__Directions__
Count the lines below holding "Mode" and answer with that number only.

__Dataset entries__

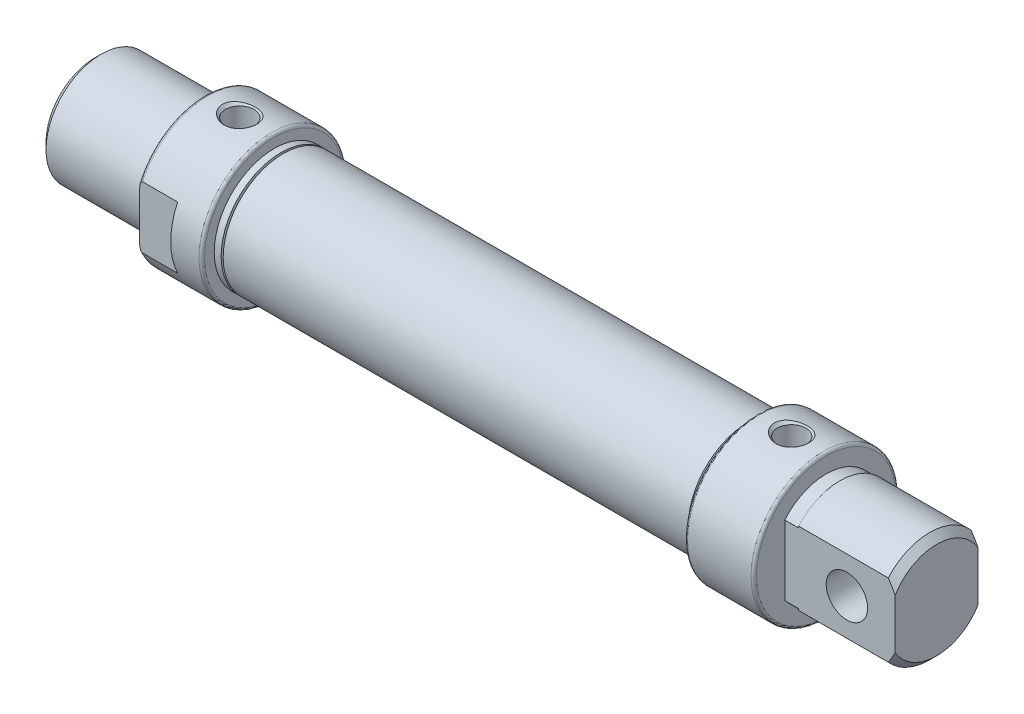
ISO-10303-21;
HEADER;
FILE_DESCRIPTION(('STEP AP214'),'2;1');
FILE_NAME('part.step','',(''),(''),'','','');
FILE_SCHEMA(('AUTOMOTIVE_DESIGN { 1 0 10303 214 1 1 1 1 }'));
ENDSEC;
DATA;
#1=APPLICATION_CONTEXT('core data for automotive mechanical design processes');
#2=APPLICATION_PROTOCOL_DEFINITION('international standard','automotive_design',2000,#1);
#3=PRODUCT_CONTEXT('',#1,'mechanical');
#4=PRODUCT('Part','Part','',(#3));
#5=PRODUCT_RELATED_PRODUCT_CATEGORY('part','',(#4));
#6=PRODUCT_DEFINITION_FORMATION('','',#4);
#7=PRODUCT_DEFINITION_CONTEXT('part definition',#1,'design');
#8=PRODUCT_DEFINITION('design','',#6,#7);
#9=PRODUCT_DEFINITION_SHAPE('','',#8);
#10=(LENGTH_UNIT() NAMED_UNIT(*) SI_UNIT(.MILLI.,.METRE.));
#11=(NAMED_UNIT(*) PLANE_ANGLE_UNIT() SI_UNIT($,.RADIAN.));
#12=(NAMED_UNIT(*) SI_UNIT($,.STERADIAN.) SOLID_ANGLE_UNIT());
#13=UNCERTAINTY_MEASURE_WITH_UNIT(LENGTH_MEASURE(1.E-05),#10,'distance_accuracy_value','');
#14=(GEOMETRIC_REPRESENTATION_CONTEXT(3) GLOBAL_UNCERTAINTY_ASSIGNED_CONTEXT((#13)) GLOBAL_UNIT_ASSIGNED_CONTEXT((#10,
#11,#12)) REPRESENTATION_CONTEXT('',''));
#15=CARTESIAN_POINT('',(0.,0.,0.));
#16=DIRECTION('',(0.,0.,1.));
#17=DIRECTION('',(1.,0.,0.));
#18=AXIS2_PLACEMENT_3D('',#15,#16,#17);
#19=CARTESIAN_POINT('',(86.,8.,0.));
#20=DIRECTION('',(-1.,0.,0.));
#21=DIRECTION('',(0.,0.,1.));
#22=AXIS2_PLACEMENT_3D('',#19,#20,#21);
#23=PLANE('',#22);
#24=CARTESIAN_POINT('',(86.,0.,0.));
#25=DIRECTION('',(-1.,0.,0.));
#26=DIRECTION('',(0.,0.,1.));
#27=AXIS2_PLACEMENT_3D('',#24,#25,#26);
#28=CIRCLE('',#27,8.);
#29=CARTESIAN_POINT('',(86.,0.,8.));
#30=VERTEX_POINT('',#29);
#31=EDGE_CURVE('E796',#30,#30,#28,.T.);
#32=ORIENTED_EDGE('',*,*,#31,.T.);
#33=EDGE_LOOP('',(#32));
#34=FACE_BOUND('',#33,.T.);
#35=ADVANCED_FACE('F17',(#34),#23,.T.);
#36=CARTESIAN_POINT('',(86.,0.,0.));
#37=DIRECTION('',(-1.,0.,0.));
#38=DIRECTION('',(0.,0.,1.));
#39=AXIS2_PLACEMENT_3D('',#36,#37,#38);
#40=CYLINDRICAL_SURFACE('',#39,8.);
#41=CARTESIAN_POINT('',(36.,0.,0.));
#42=DIRECTION('',(-1.,0.,0.));
#43=DIRECTION('',(0.,0.,1.));
#44=AXIS2_PLACEMENT_3D('',#41,#42,#43);
#45=CIRCLE('',#44,8.);
#46=CARTESIAN_POINT('',(36.,0.,8.));
#47=VERTEX_POINT('',#46);
#48=EDGE_CURVE('E794',#47,#47,#45,.F.);
#49=ORIENTED_EDGE('',*,*,#48,.F.);
#50=EDGE_LOOP('',(#49));
#51=FACE_BOUND('',#50,.T.);
#52=ORIENTED_EDGE('',*,*,#31,.F.);
#53=EDGE_LOOP('',(#52));
#54=FACE_BOUND('',#53,.T.);
#55=ADVANCED_FACE('F496',(#51,#54),#40,.F.);
#56=CARTESIAN_POINT('',(36.,3.,0.));
#57=DIRECTION('',(1.,0.,0.));
#58=DIRECTION('',(0.,0.,-1.));
#59=AXIS2_PLACEMENT_3D('',#56,#57,#58);
#60=PLANE('',#59);
#61=ORIENTED_EDGE('',*,*,#48,.T.);
#62=EDGE_LOOP('',(#61));
#63=FACE_BOUND('',#62,.T.);
#64=CARTESIAN_POINT('',(36.,0.,0.));
#65=DIRECTION('',(-1.,0.,0.));
#66=DIRECTION('',(0.,0.,1.));
#67=AXIS2_PLACEMENT_3D('',#64,#65,#66);
#68=CIRCLE('',#67,3.);
#69=CARTESIAN_POINT('',(36.,0.,3.));
#70=VERTEX_POINT('',#69);
#71=EDGE_CURVE('E791',#70,#70,#68,.T.);
#72=ORIENTED_EDGE('',*,*,#71,.T.);
#73=EDGE_LOOP('',(#72));
#74=FACE_BOUND('',#73,.T.);
#75=ADVANCED_FACE('F493',(#63,#74),#60,.T.);
#76=CARTESIAN_POINT('',(86.,0.,0.));
#77=DIRECTION('',(-1.,0.,0.));
#78=DIRECTION('',(0.,0.,1.));
#79=AXIS2_PLACEMENT_3D('',#76,#77,#78);
#80=CYLINDRICAL_SURFACE('',#79,3.);
#81=ORIENTED_EDGE('',*,*,#71,.F.);
#82=EDGE_LOOP('',(#81));
#83=FACE_BOUND('',#82,.T.);
#84=CARTESIAN_POINT('',(0.,0.,0.));
#85=DIRECTION('',(-1.,0.,0.));
#86=DIRECTION('',(0.,0.,1.));
#87=AXIS2_PLACEMENT_3D('',#84,#85,#86);
#88=CIRCLE('',#87,3.);
#89=CARTESIAN_POINT('',(0.,0.,3.));
#90=VERTEX_POINT('',#89);
#91=EDGE_CURVE('E205',#90,#90,#88,.T.);
#92=ORIENTED_EDGE('',*,*,#91,.T.);
#93=EDGE_LOOP('',(#92));
#94=FACE_BOUND('',#93,.T.);
#95=ADVANCED_FACE('F489',(#83,#94),#80,.F.);
#96=CARTESIAN_POINT('',(0.,0.,0.));
#97=DIRECTION('',(1.,0.,0.));
#98=DIRECTION('',(0.,0.,-1.));
#99=AXIS2_PLACEMENT_3D('',#96,#97,#98);
#100=PLANE('',#99);
#101=ORIENTED_EDGE('',*,*,#91,.F.);
#102=EDGE_LOOP('',(#101));
#103=FACE_BOUND('',#102,.T.);
#104=CARTESIAN_POINT('',(0.,0.,0.));
#105=DIRECTION('',(1.,0.,0.));
#106=DIRECTION('',(0.,0.,-1.));
#107=AXIS2_PLACEMENT_3D('',#104,#105,#106);
#108=CIRCLE('',#107,7.08);
#109=CARTESIAN_POINT('',(0.,0.,-7.08));
#110=VERTEX_POINT('',#109);
#111=EDGE_CURVE('E203',#110,#110,#108,.T.);
#112=ORIENTED_EDGE('',*,*,#111,.F.);
#113=EDGE_LOOP('',(#112));
#114=FACE_BOUND('',#113,.T.);
#115=ADVANCED_FACE('F485',(#103,#114),#100,.F.);
#116=CARTESIAN_POINT('',(108.,7.85,0.));
#117=DIRECTION('',(1.,0.,0.));
#118=DIRECTION('',(0.,0.,-1.));
#119=AXIS2_PLACEMENT_3D('',#116,#117,#118);
#120=PLANE('',#119);
#121=CARTESIAN_POINT('',(108.,0.,0.));
#122=DIRECTION('',(-1.,0.,0.));
#123=DIRECTION('',(0.,0.,1.));
#124=AXIS2_PLACEMENT_3D('',#121,#122,#123);
#125=CIRCLE('',#124,8.);
#126=CARTESIAN_POINT('',(108.,5.29150262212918,-6.));
#127=VERTEX_POINT('',#126);
#128=CARTESIAN_POINT('',(108.,5.29150262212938,6.));
#129=VERTEX_POINT('',#128);
#130=EDGE_CURVE('E198',#127,#129,#125,.F.);
#131=ORIENTED_EDGE('',*,*,#130,.F.);
#132=DIRECTION('',(0.,1.,0.));
#133=VECTOR('',#132,1.);
#134=CARTESIAN_POINT('',(108.,-8.,-6.));
#135=LINE('',#134,#133);
#136=CARTESIAN_POINT('',(108.,5.06186724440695,-6.));
#137=VERTEX_POINT('',#136);
#138=EDGE_CURVE('E181',#137,#127,#135,.T.);
#139=ORIENTED_EDGE('',*,*,#138,.F.);
#140=CARTESIAN_POINT('',(108.,0.,0.));
#141=DIRECTION('',(-1.,0.,0.));
#142=DIRECTION('',(0.,0.,1.));
#143=AXIS2_PLACEMENT_3D('',#140,#141,#142);
#144=CIRCLE('',#143,7.85);
#145=CARTESIAN_POINT('',(108.,5.06186724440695,6.));
#146=VERTEX_POINT('',#145);
#147=EDGE_CURVE('E444',#146,#137,#144,.T.);
#148=ORIENTED_EDGE('',*,*,#147,.F.);
#149=DIRECTION('',(0.,1.,0.));
#150=VECTOR('',#149,1.);
#151=CARTESIAN_POINT('',(108.,7.85,6.));
#152=LINE('',#151,#150);
#153=EDGE_CURVE('E200',#129,#146,#152,.F.);
#154=ORIENTED_EDGE('',*,*,#153,.F.);
#155=EDGE_LOOP('',(#131,#139,#148,#154));
#156=FACE_BOUND('',#155,.T.);
#157=ADVANCED_FACE('F481',(#156),#120,.F.);
#158=CARTESIAN_POINT('',(122.,0.,0.));
#159=DIRECTION('',(-1.,0.,0.));
#160=DIRECTION('',(0.,0.,1.));
#161=AXIS2_PLACEMENT_3D('',#158,#159,#160);
#162=CYLINDRICAL_SURFACE('',#161,8.);
#163=DIRECTION('',(1.,0.,0.));
#164=VECTOR('',#163,1.);
#165=CARTESIAN_POINT('',(106.,-5.29150262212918,6.));
#166=LINE('',#165,#164);
#167=CARTESIAN_POINT('',(108.,-5.29150262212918,6.));
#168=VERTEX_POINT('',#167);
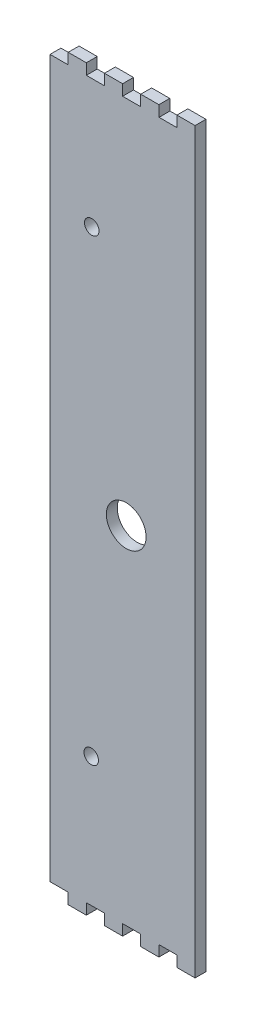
from build123d import *

# Parameters (mm, degrees)
ESTRUSIONE_ESTRUSIONE1_DEPTH = 6
SKETCH1_R                    = 4
CUT_EXTRUDE1_DEPTH           = 6
SKETCH3_R                    = 10.95
CUT_EXTRUDE3_DEPTH           = 10
SKETCH4_R                    = 4
CUT_EXTRUDE4_DEPTH           = 6


with BuildPart() as part:
    # Schizzo1 → Estrusione-Estrusione1 (new body)
    with BuildSketch(Plane.XY):
        Polygon((-40, 110), (-40, -285), (-30, -285), (-30, -291), (-20, -291), (-20, -285), (-10, -285), (-10, -291), (0, -291), (0, -285), (10, -285), (10, -291), (20, -291), (20, -285), (30, -285), (29.95, -291), (39.95, -291), (39.95, 116), (29.95, 116), (30.1, 110), (20.1, 110), (20, 116), (10, 116), (10, 110), (0, 110), (0, 116), (-10, 116), (-10, 110), (-20, 110), (-20, 116), (-30, 116), (-30, 110), align=None)
    extrude(amount=ESTRUSIONE_ESTRUSIONE1_DEPTH)

    # Sketch1 → Cut-Extrude1 (cut)
    with BuildSketch(Plane(origin=(-51.885753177, -233.545283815, 6), x_dir=(0, 1, 0), z_dir=(0, 0, 1))):
        with Locations(Location((19.745283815, -34.585753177, 0), (0, 0, 270))):
            Circle(SKETCH1_R)
    extrude(amount=-CUT_EXTRUDE1_DEPTH, mode=Mode.SUBTRACT)

    # Sketch3 → Cut-Extrude3 (cut)
    with BuildSketch(Plane(origin=(-51.885753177, 58.545283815, 6), x_dir=(0, 1, 0), z_dir=(0, 0, 1))):
        with Locations(Location((-152.545283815, -53.885753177, 0), (0, 0, 270))):
            Circle(SKETCH3_R)
    extrude(amount=-CUT_EXTRUDE3_DEPTH, mode=Mode.SUBTRACT)

    # Sketch4 → Cut-Extrude4 (cut)
    with BuildSketch(Plane(origin=(-51.885753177, -233.545283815, 6), x_dir=(0, 1, 0), z_dir=(0, 0, 1))):
        with Locations(Location((272.678572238, -34.878007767, 0), (0, 0, 270))):
            Circle(SKETCH4_R)
    extrude(amount=-CUT_EXTRUDE4_DEPTH, mode=Mode.SUBTRACT)


solid = part.part

__Completed exercise__
3